■ ABOUT THIS TASK ■
Among the entries below, find the lines with the word "ezdxf" and copy them.

■ Stored items from a collection ■
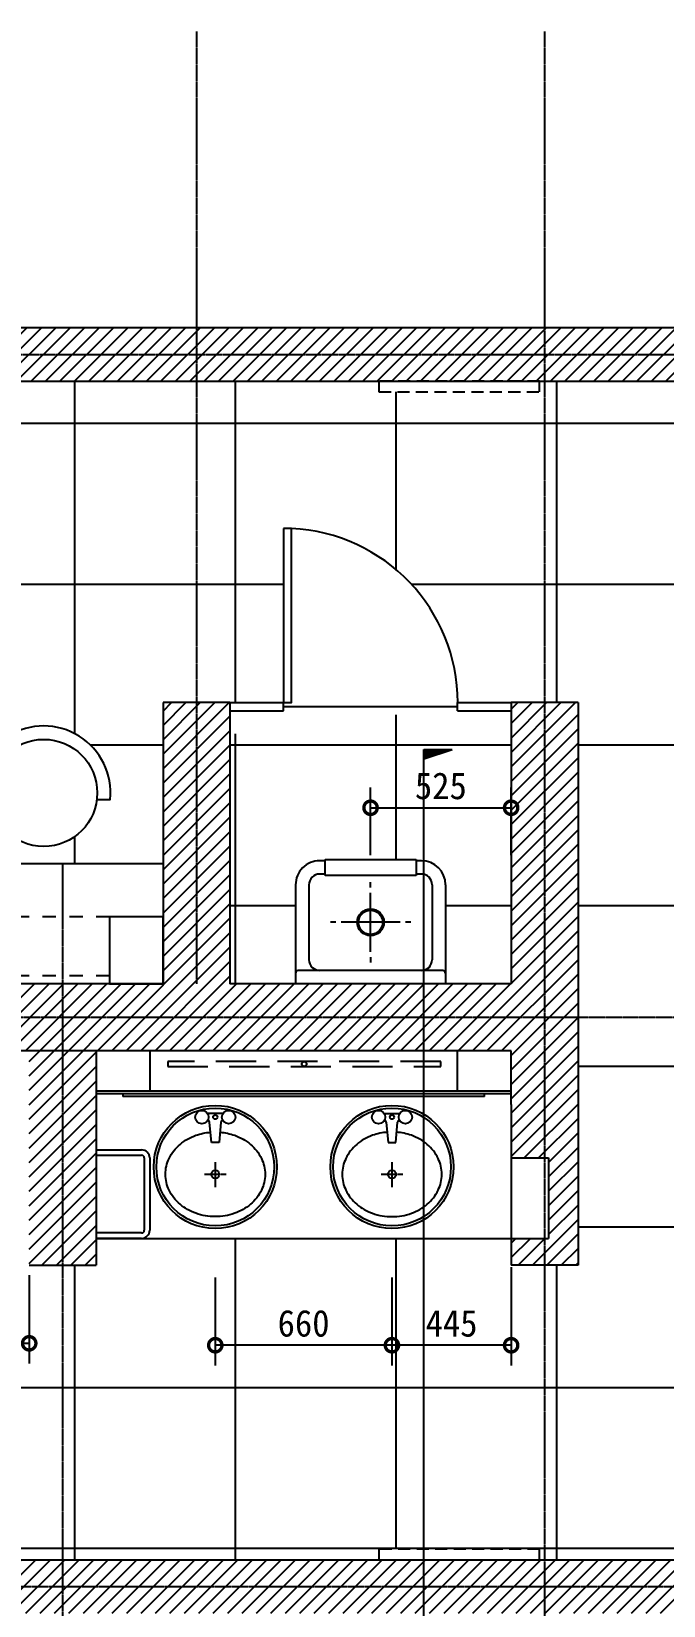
# Model space of a CAD drawing. Header units: inches. Extents: x -1249499 to 290957, y -589671 to 1013543.
# Drawn here: x -1090505 to -1088145, y 246280 to 252157 of the extents above; entities that cross this region are included whole.
import ezdxf

# ---------------------------------------------------------------- set-up
doc = ezdxf.new("R2010")
doc.units = ezdxf.units.IN
doc.header["$MEASUREMENT"] = 0
for name, pattern in [('CEN', [62, 60, -1, 0, -1]), ('HID2', [1.15, 0.75, -0.4]), ('HIDDEN', [2, 1, -1])]:
    doc.linetypes.add(name, pattern=pattern)
for name, color, linetype in [('5', 5, 'Continuous'), ('CEN', 1, 'CEN'), ('CHAIR', 4, 'Continuous'), ('FIX', 6, 'Continuous'), ('FUR', 4, 'Continuous'), ('H', 8, 'Continuous'), ('LIGHT', 1, 'Continuous'), ('OUT', 3, 'Continuous'), ('WALL1', 3, 'Continuous')]:
    doc.layers.add(name, color=color, linetype=linetype)
doc.styles.get("Standard").update_dxf_attribs({"font": 'DotumChe.ttf'})
doc.dimstyles.new('STANDARD-600', dxfattribs={"dimtxt": 1000, "dimasz": 400, "dimexe": 800, "dimexo": 800, "dimgap": 400, "dimtad": 1, "dimdec": 0, "dimzin": 0, "dimdsep": 46, "dimlunit": 6, "dimtxsty": 'Standard', "dimsah": 1, "dimcen": 0.135, "dimclrd": 256, "dimclre": 256, "dimclrt": 4, "dimadec": 0, "dimazin": 0, "dimtfac": 1, "dimtdec": 0, "dimtofl": 0, "dimtmove": 2, "dimatfit": 3, "dimfxl": 1, "dimtolj": 1, "dimtzin": 0, "dimarcsym": 0})

# ---------------------------------------------------------------- blocks, each defined once
blk = doc.blocks.new('A$C6F71027B')
at = {"layer": 'FIX', "color": 1}
for p, q in [((0, 465), (560, 465)), ((0, 95), (0, 465)), ((10, 415), (550, 415)), ((560, 95), (560, 465)), ((50, 95), (50, 375)), ((280, 365), (280, 385)), ((510, 95), (510, 375)), ((280, 345), (280, 125)), ((130, 235), (150, 235)), ((170, 235), (390, 235)), ((410, 235), (430, 235)), ((110, 60), (450, 60)), ((110, 0), (110, 60)), ((280, 105), (280, 85)), ((450, 60), (450, 0)), ((90, 55), (110, 55)), ((90, 5), (110, 5)), ((450, 55), (470, 55)), ((450, 5), (470, 5)), ((450, 0), (110, 0))]:
    blk.add_line(p, q, dxfattribs=at)
for radius in [50, 45]:
    blk.add_circle((280, 235), radius, dxfattribs=at)
for centre, radius, start, end in [((10, 425), 10, 180, 270), ((90, 375), 40, 90, 180), ((470, 375), 40, 0, 90), ((550, 425), 10, 270, 0), ((90, 95), 90, 180, 270), ((90, 95), 40, 180, 270), ((470, 95), 40, 270, 0), ((470, 95), 90, 270, 0)]:
    blk.add_arc(centre, radius, start, end, dxfattribs=at)
blk = doc.blocks.new('_DOTSMALL')
at = {"color": 0, "linetype": 'ByBlock', "const_width": 0.5}
blk.add_lwpolyline([(-0.0625, 0, 1), (0.0625, 0, 1)], format="xyb", close=True, dxfattribs=at)
blk = doc.blocks.new('*D334')
at = {"layer": 'DEFPOINTS', "color": 0, "transparency": 16777216}
for p in [(-1088714, 247794), (-1089159.2, 247754.5), (-1089159.2, 247252)]:
    blk.add_point(p, dxfattribs=at)
at = {"layer": 'H', "color": 0, "lineweight": -2, "transparency": 16777216}
for p, q in [((-1088714, 247544), (-1088714, 247177)), ((-1089159.2, 247504.5), (-1089159.2, 247177)), ((-1088714, 247252), (-1089159.2, 247252))]:
    blk.add_line(p, q, dxfattribs=at)
at = {"layer": 'H', "color": 0, "lineweight": -2, "transparency": 16777216, "xscale": 100, "yscale": 100, "zscale": 100, "rotation": 180}
blk.add_blockref('_DOTSMALL', (-1089159.2, 247252), dxfattribs=at)
at = {"layer": 'H', "color": 0, "lineweight": -2, "transparency": 16777216, "xscale": 100, "yscale": 100, "zscale": 100}
blk.add_blockref('_DOTSMALL', (-1088714, 247252), dxfattribs=at)
at = {"layer": 'H', "color": 4, "transparency": 16777216, "insert": (-1088936.6, 247333.4), "char_height": 100, "attachment_point": 5}
blk.add_mtext('\\A1;445', dxfattribs=at)
blk = doc.blocks.new('*D335')
at = {"layer": 'DEFPOINTS', "color": 0, "linetype": 'Continuous', "transparency": 16777216}
for p in [(-1089819, 247754.5), (-1089159.2, 247754.5), (-1089819, 247252)]:
    blk.add_point(p, dxfattribs=at)
at = {"layer": 'H', "color": 8, "linetype": 'Continuous', "lineweight": -2, "transparency": 16777216}
for p, q in [((-1089819, 247504.5), (-1089819, 247177)), ((-1089159.2, 247504.5), (-1089159.2, 247177)), ((-1089159.2, 247252), (-1089819, 247252))]:
    blk.add_line(p, q, dxfattribs=at)
at = {"layer": 'H', "color": 8, "linetype": 'Continuous', "lineweight": -2, "transparency": 16777216, "xscale": 100, "yscale": 100, "zscale": 100, "rotation": 180}
blk.add_blockref('_DOTSMALL', (-1089819, 247252), dxfattribs=at)
at = {"layer": 'H', "color": 8, "linetype": 'Continuous', "lineweight": -2, "transparency": 16777216, "xscale": 100, "yscale": 100, "zscale": 100}
blk.add_blockref('_DOTSMALL', (-1089159.2, 247252), dxfattribs=at)
at = {"layer": 'H', "color": 4, "linetype": 'Continuous', "transparency": 16777216, "insert": (-1089489.1, 247333.4), "char_height": 100, "attachment_point": 5}
blk.add_mtext('\\A1;660', dxfattribs=at)
blk = doc.blocks.new('*D336')
at = {"layer": 'DEFPOINTS', "color": 0, "transparency": 16777216}
for p in [(-1090924.5, 247764.1), (-1090514, 247764.1), (-1090514, 247259.3)]:
    blk.add_point(p, dxfattribs=at)
at = {"layer": 'H', "color": 0, "lineweight": -2, "transparency": 16777216}
for p, q in [((-1090924.5, 247514.1), (-1090924.5, 247184.3)), ((-1090514, 247514.1), (-1090514, 247184.3)), ((-1090924.5, 247259.3), (-1090514, 247259.3))]:
    blk.add_line(p, q, dxfattribs=at)
at = {"layer": 'H', "color": 0, "lineweight": -2, "transparency": 16777216, "xscale": 100, "yscale": 100, "zscale": 100, "rotation": 180}
blk.add_blockref('_DOTSMALL', (-1090924.5, 247259.3), dxfattribs=at)
at = {"layer": 'H', "color": 0, "lineweight": -2, "transparency": 16777216, "xscale": 100, "yscale": 100, "zscale": 100}
blk.add_blockref('_DOTSMALL', (-1090514, 247259.3), dxfattribs=at)
at = {"layer": 'H', "color": 4, "transparency": 16777216, "insert": (-1090719.2, 247340.6), "char_height": 100, "attachment_point": 5}
blk.add_mtext('\\A1;410', dxfattribs=at)
blk = doc.blocks.new('*D337')
at = {"layer": 'DEFPOINTS', "color": 0, "transparency": 16777216}
for p in [(-1088714, 249258.8), (-1089239, 248831.2), (-1088714, 248831.2)]:
    blk.add_point(p, dxfattribs=at)
at = {"layer": 'H', "color": 0, "lineweight": -2, "transparency": 16777216}
for p, q in [((-1089239, 249081.2), (-1089239, 249333.8)), ((-1088714, 249081.2), (-1088714, 249333.8)), ((-1089239, 249258.8), (-1088714, 249258.8))]:
    blk.add_line(p, q, dxfattribs=at)
at = {"layer": 'H', "color": 0, "lineweight": -2, "transparency": 16777216, "xscale": 100, "yscale": 100, "zscale": 100, "rotation": 180}
blk.add_blockref('_DOTSMALL', (-1089239, 249258.8), dxfattribs=at)
at = {"layer": 'H', "color": 0, "lineweight": -2, "transparency": 16777216, "xscale": 100, "yscale": 100, "zscale": 100}
blk.add_blockref('_DOTSMALL', (-1088714, 249258.8), dxfattribs=at)
at = {"layer": 'H', "color": 4, "transparency": 16777216, "insert": (-1088976.5, 249340.1), "char_height": 100, "attachment_point": 5}
blk.add_mtext('\\A1;525', dxfattribs=at)

msp = doc.modelspace()

# ---------------------------------------------------------------- hatches: boundary and pattern name
h = msp.add_hatch()
h.set_pattern_fill('ANSI31', color=256, scale=17.591349, angle=180, style=0)
h.set_pattern_definition([(45, (-9388734.4225, -4774924.9037), (1.5548702697, -1.5548702697), [])])
h.paths.add_polyline_path([(-1089040.2, 249476.3), (-1089040.2, 249441.1), (-1088934.6, 249476.3)])
at = {"layer": 'H'}
h = msp.add_hatch(dxfattribs=at)
h.set_pattern_fill('ANSI31', color=256, scale=12, style=0)
h.set_pattern_definition([(45, (-1294520.528, 90643.27), (-26.9407684, 26.9407684), [])])
h.paths.add_polyline_path([(-1095264, 250951.2), (-1095264, 250851.2), (-1093920.6, 250851.2), (-1093920.6, 250951.2)])
h.paths.add_polyline_path([(-1095264, 250851.2), (-1095264, 250951.2), (-1095464, 250951.2), (-1095464, 250851.2)])
h.paths.add_polyline_path([(-1095264, 250951.2), (-1095264, 251051.2), (-1095464, 251051.2), (-1095464, 250951.2)])
h.paths.add_polyline_path([(-1093920.6, 250951.2), (-1093920.6, 251051.2), (-1095264, 251051.2), (-1095264, 250951.2)])
h.paths.add_polyline_path([(-1091937.9, 250851.2), (-1091937.9, 250951.2), (-1093920.6, 250951.2), (-1093920.6, 250851.2), (-1093695.3, 250851.2)])
h.paths.add_polyline_path([(-1091937.9, 250951.2), (-1091937.9, 251051.2), (-1093920.6, 251051.2), (-1093920.6, 250951.2)])
h.paths.add_polyline_path([(-1089889, 250951.2), (-1089889, 251051.2), (-1091764, 251051.2), (-1091937.9, 251051.2), (-1091937.9, 250951.2)])
h.paths.add_polyline_path([(-1091937.9, 250951.2), (-1091937.9, 250851.2), (-1089889, 250851.2), (-1089889, 250951.2)])
h.paths.add_polyline_path([(-1089889, 250951.2), (-1089889, 250851.2), (-1088589, 250851.2), (-1088589, 250951.2)])
h.paths.add_polyline_path([(-1088589, 250951.2), (-1088589, 251051.2), (-1089889, 251051.2), (-1089889, 250951.2)])
h.paths.add_polyline_path([(-1088589, 251051.2), (-1088589, 250951.2), (-1088022.4, 250951.2, -0.193855), (-1087953.1, 250979.1), (-1087864, 250979.1), (-1087864, 251051.2)])
h.paths.add_polyline_path([(-1088053.1, 250851.2), (-1088053.1, 250879.1, -0.20398), (-1088022.4, 250951.2), (-1088589, 250951.2), (-1088589, 250851.2)])
h.paths.add_polyline_path([(-1088022.4, 250951.2, 0.20398), (-1088053.1, 250879.1), (-1088053.1, 250851.2), (-1087864, 250851.2), (-1087864, 250951.2)])
h.paths.add_polyline_path([(-1087164, 250851.2), (-1087264, 250851.2), (-1087264, 249980.2), (-1087196.2, 249980.2, 0.082311), (-1087164, 249985.5)])
h.paths.add_polyline_path([(-1087164, 249985.5, 0.32096), (-1087096.2, 250080.2), (-1087096.2, 250851.2), (-1087164, 250851.2)], flags=16)
h.paths.add_polyline_path([(-1087064, 250851.2), (-1087096.2, 250851.2), (-1087096.2, 250080.2, -0.32096), (-1087164, 249985.5), (-1087164, 249694.3), (-1087064, 249694.3)])
h.paths.add_polyline_path([(-1087264, 249694.3), (-1087164, 249694.3), (-1087164, 249985.5, -0.082311), (-1087196.2, 249980.2), (-1087264, 249980.2)])
h.paths.add_polyline_path([(-1087264, 249051.2), (-1087164, 249051.2), (-1087164, 249694.3), (-1087264, 249694.3)])
h.paths.add_polyline_path([(-1087164, 249051.2), (-1087064, 249051.2), (-1087064, 249694.3), (-1087164, 249694.3)])
h.paths.add_polyline_path([(-1087164, 246351.2), (-1087064, 246351.2), (-1087064, 247851.2), (-1087164, 247851.2)])
h.paths.add_polyline_path([(-1087164, 247851.2), (-1087264, 247851.2), (-1087264, 246451.2), (-1088589, 246451.2), (-1088589, 246351.2), (-1087164, 246351.2)])
h.paths.add_polyline_path([(-1088589, 246351.2), (-1088589, 246251.2), (-1087164, 246251.2), (-1087164, 246351.2)])
h.paths.add_polyline_path([(-1087064, 246251.2), (-1087064, 246351.2), (-1087164, 246351.2), (-1087164, 246251.2)])
h.paths.add_polyline_path([(-1089040.2, 246351.2), (-1089040.2, 246251.2), (-1088589, 246251.2), (-1088589, 246351.2)])
h.paths.add_polyline_path([(-1089040.2, 246451.2), (-1089040.2, 246351.2), (-1088589, 246351.2), (-1088589, 246451.2)])
h.paths.add_polyline_path([(-1089040.2, 246351.2), (-1089040.2, 246451.2), (-1089207.6, 246451.2), (-1090389, 246451.2), (-1090389, 246351.2)])
h.paths.add_polyline_path([(-1089040.2, 246251.2), (-1089040.2, 246351.2), (-1090389, 246351.2), (-1090389, 246251.2)])
h.paths.add_polyline_path([(-1095164, 246351.2), (-1095164, 244551.2), (-1095064, 244551.2), (-1095064, 246251.2), (-1090389, 246251.2), (-1090389, 246351.2)])
h.paths.add_polyline_path([(-1095164, 246451.2), (-1095164, 246351.2), (-1090389, 246351.2), (-1090389, 246451.2)])
h.paths.add_polyline_path([(-1095064, 244451.2), (-1095064, 244551.2), (-1095164, 244551.2), (-1095164, 244451.2)])
h.paths.add_polyline_path([(-1095139, 249226.2), (-1095264, 249226.2), (-1095264, 246451.2), (-1095139, 246451.2)])
h.paths.add_polyline_path([(-1095264, 249226.2), (-1095389, 249226.2), (-1095389, 246451.2), (-1095264, 246451.2)])
h.paths.add_polyline_path([(-1095139, 249526.2), (-1095264, 249526.2), (-1095264, 249226.2), (-1095139, 249226.2)])
h.paths.add_polyline_path([(-1095264, 249526.2), (-1095539, 249526.2), (-1095539, 249511.2), (-1095839, 249511.2), (-1095839, 249526.2), (-1096239, 249526.2), (-1096239, 249401.2), (-1096039, 249401.2), (-1095715.7, 249401.2), (-1095389, 249401.2), (-1095389, 249226.2), (-1095264, 249226.2)])
h.paths.add_polyline_path([(-1095264, 249526.2), (-1095264, 249651.2), (-1095539, 249651.2), (-1095539, 249526.2)])
h.paths.add_polyline_path([(-1095139, 249651.2), (-1095264, 249651.2), (-1095264, 249526.2), (-1095139, 249526.2)])
h.paths.add_polyline_path([(-1095839, 249526.2), (-1095839, 249651.2), (-1096239, 249651.2), (-1096239, 249526.2)])
h.paths.add_polyline_path([(-1093920.6, 249226.2), (-1093920.6, 249351.2), (-1095139, 249351.2), (-1095139, 249226.2)])
h.paths.add_polyline_path([(-1093920.6, 249101.2), (-1093920.6, 249226.2), (-1095139, 249226.2), (-1095139, 249101.2)])
h.paths.add_polyline_path([(-1093550.4, 249101.2), (-1093552.2, 249104.8), (-1093482.2, 249104.8), (-1093484, 249101.2), (-1093189, 249101.2), (-1093189, 248351.2), (-1093064, 248351.2), (-1093064, 249226.2), (-1093920.6, 249226.2), (-1093920.6, 249101.2)])
h.paths.add_polyline_path([(-1093920.6, 249351.2), (-1093920.6, 249226.2), (-1093064, 249226.2), (-1093064, 249351.2)])
h.paths.add_polyline_path([(-1093064, 249351.2), (-1093064, 249226.2), (-1092939, 249226.2), (-1092939, 249351.2)])
h.paths.add_polyline_path([(-1093064, 248476.2), (-1091937.9, 248476.2), (-1091937.9, 248601.2), (-1092031, 248601.2), (-1092939, 248601.2), (-1092939, 248851.2), (-1092939, 249226.2), (-1093064, 249226.2)])
h.paths.add_polyline_path([(-1091937.9, 248351.2), (-1091937.9, 248476.2), (-1093064, 248476.2), (-1093064, 248351.2)])
h.paths.add_polyline_path([(-1090389, 248351.2), (-1090389, 248476.2), (-1091937.9, 248476.2), (-1091937.9, 248351.2)])
h.paths.add_polyline_path([(-1090389, 248476.2), (-1090389, 248601.2), (-1091937.9, 248601.2), (-1091937.9, 248476.2)])
h.paths.add_polyline_path([(-1089040.2, 248476.2), (-1089040.2, 248601.2), (-1089764, 248601.2), (-1089764, 249651.2), (-1090014, 249651.2), (-1090014, 248601.2), (-1090214, 248601.2), (-1090389, 248601.2), (-1090389, 248476.2)])
h.paths.add_polyline_path([(-1089040.2, 248476.2), (-1089040.2, 248351.2), (-1088714, 248351.2), (-1088714, 248151.2), (-1088714, 247951.2), (-1088589, 247951.2), (-1088589, 248476.2)])
h.paths.add_polyline_path([(-1090389, 248476.2), (-1090389, 248351.2), (-1089040.2, 248351.2), (-1089040.2, 248476.2)])
h.paths.add_polyline_path([(-1088589, 248476.2), (-1088589, 249651.2), (-1088714, 249651.2), (-1088714, 248601.2), (-1089040.2, 248601.2), (-1089040.2, 248476.2)])
h.paths.add_polyline_path([(-1088464, 249651.2), (-1088589, 249651.2), (-1088589, 248476.2), (-1088464, 248476.2)])
h.paths.add_polyline_path([(-1088464, 248476.2), (-1088589, 248476.2), (-1088589, 247951.2), (-1088574, 247951.2), (-1088574, 247651.2), (-1088589, 247651.2), (-1088589, 247551.2), (-1088464, 247551.2)])
h.paths.add_polyline_path([(-1088589, 247551.2), (-1088589, 247651.2), (-1088714, 247651.2), (-1088714, 247551.2)])
h.paths.add_polyline_path([(-1090264, 248351.2), (-1090389, 248351.2), (-1090389, 247551.2), (-1090264, 247551.2), (-1090264, 247651.2)])
h.paths.add_polyline_path([(-1090389, 248351.2), (-1090514, 248351.2), (-1090514, 247551.2), (-1090389, 247551.2)])

# ---------------------------------------------------------------- linework, layer by layer
for p, q in [((-1089040.2, 245497), (-1089040.2, 249476.3)), ((-1089040.2, 249441.1), (-1088934.6, 249476.3)), ((-1089040.2, 249476.3), (-1088934.6, 249476.3))]:
    msp.add_line(p, q)
at = {"layer": '5', "color": 5}
for p, q in [((-1088714, 248201.2), (-1090264, 248201.2)), ((-1088714, 248191.2), (-1090264, 248191.2)), ((-1090164, 248191.2), (-1090164, 248181.2)), ((-1088814, 248181.2), (-1090164, 248181.2)), ((-1088814, 248181.2), (-1088814, 248191.2)), ((-1088714, 248191.2), (-1088714, 248201.2))]:
    msp.add_line(p, q, dxfattribs=at)
at = {"layer": 'CEN'}
for p, q in [((-1089889, 252157.1), (-1089889, 248601.2)), ((-1088589, 252157.1), (-1088589, 245251)), ((-1098114, 250951.2), (-1086620.1, 250951.2)), ((-1090389, 249051.2), (-1090389, 245189.2)), ((-1086188.9, 248476.2), (-1093166.8, 248476.2)), ((-1089859.1, 247890.2), (-1089778.5, 247890.2)), ((-1089819, 247935.4), (-1089819, 247841.9)), ((-1089199.3, 247890.2), (-1089118.7, 247890.2)), ((-1089159.2, 247935.4), (-1089159.2, 247841.9)), ((-1099631.5, 246351.2), (-1086188.9, 246351.2))]:
    msp.add_line(p, q, dxfattribs=at)
at = {"layer": 'CHAIR', "linetype": 'HIDDEN', "ltscale": 50}
for p, q in [((-1090014, 248851.2), (-1092939, 248851.2)), ((-1090214, 248631.2), (-1090922, 248631.2))]:
    msp.add_line(p, q, dxfattribs=at)
at = {"layer": 'FIX', "color": 6}
for p, q in [((-1089764, 249651.2), (-1089564, 249651.2)), ((-1088914, 249651.2), (-1088714, 249651.2)), ((-1089764, 249621.2), (-1089564, 249621.2)), ((-1088914, 249621.2), (-1088714, 249621.2)), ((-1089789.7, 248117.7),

■ RESPONSE ■
import ezdxf
doc = ezdxf.new("R2010")
doc.units = ezdxf.units.IN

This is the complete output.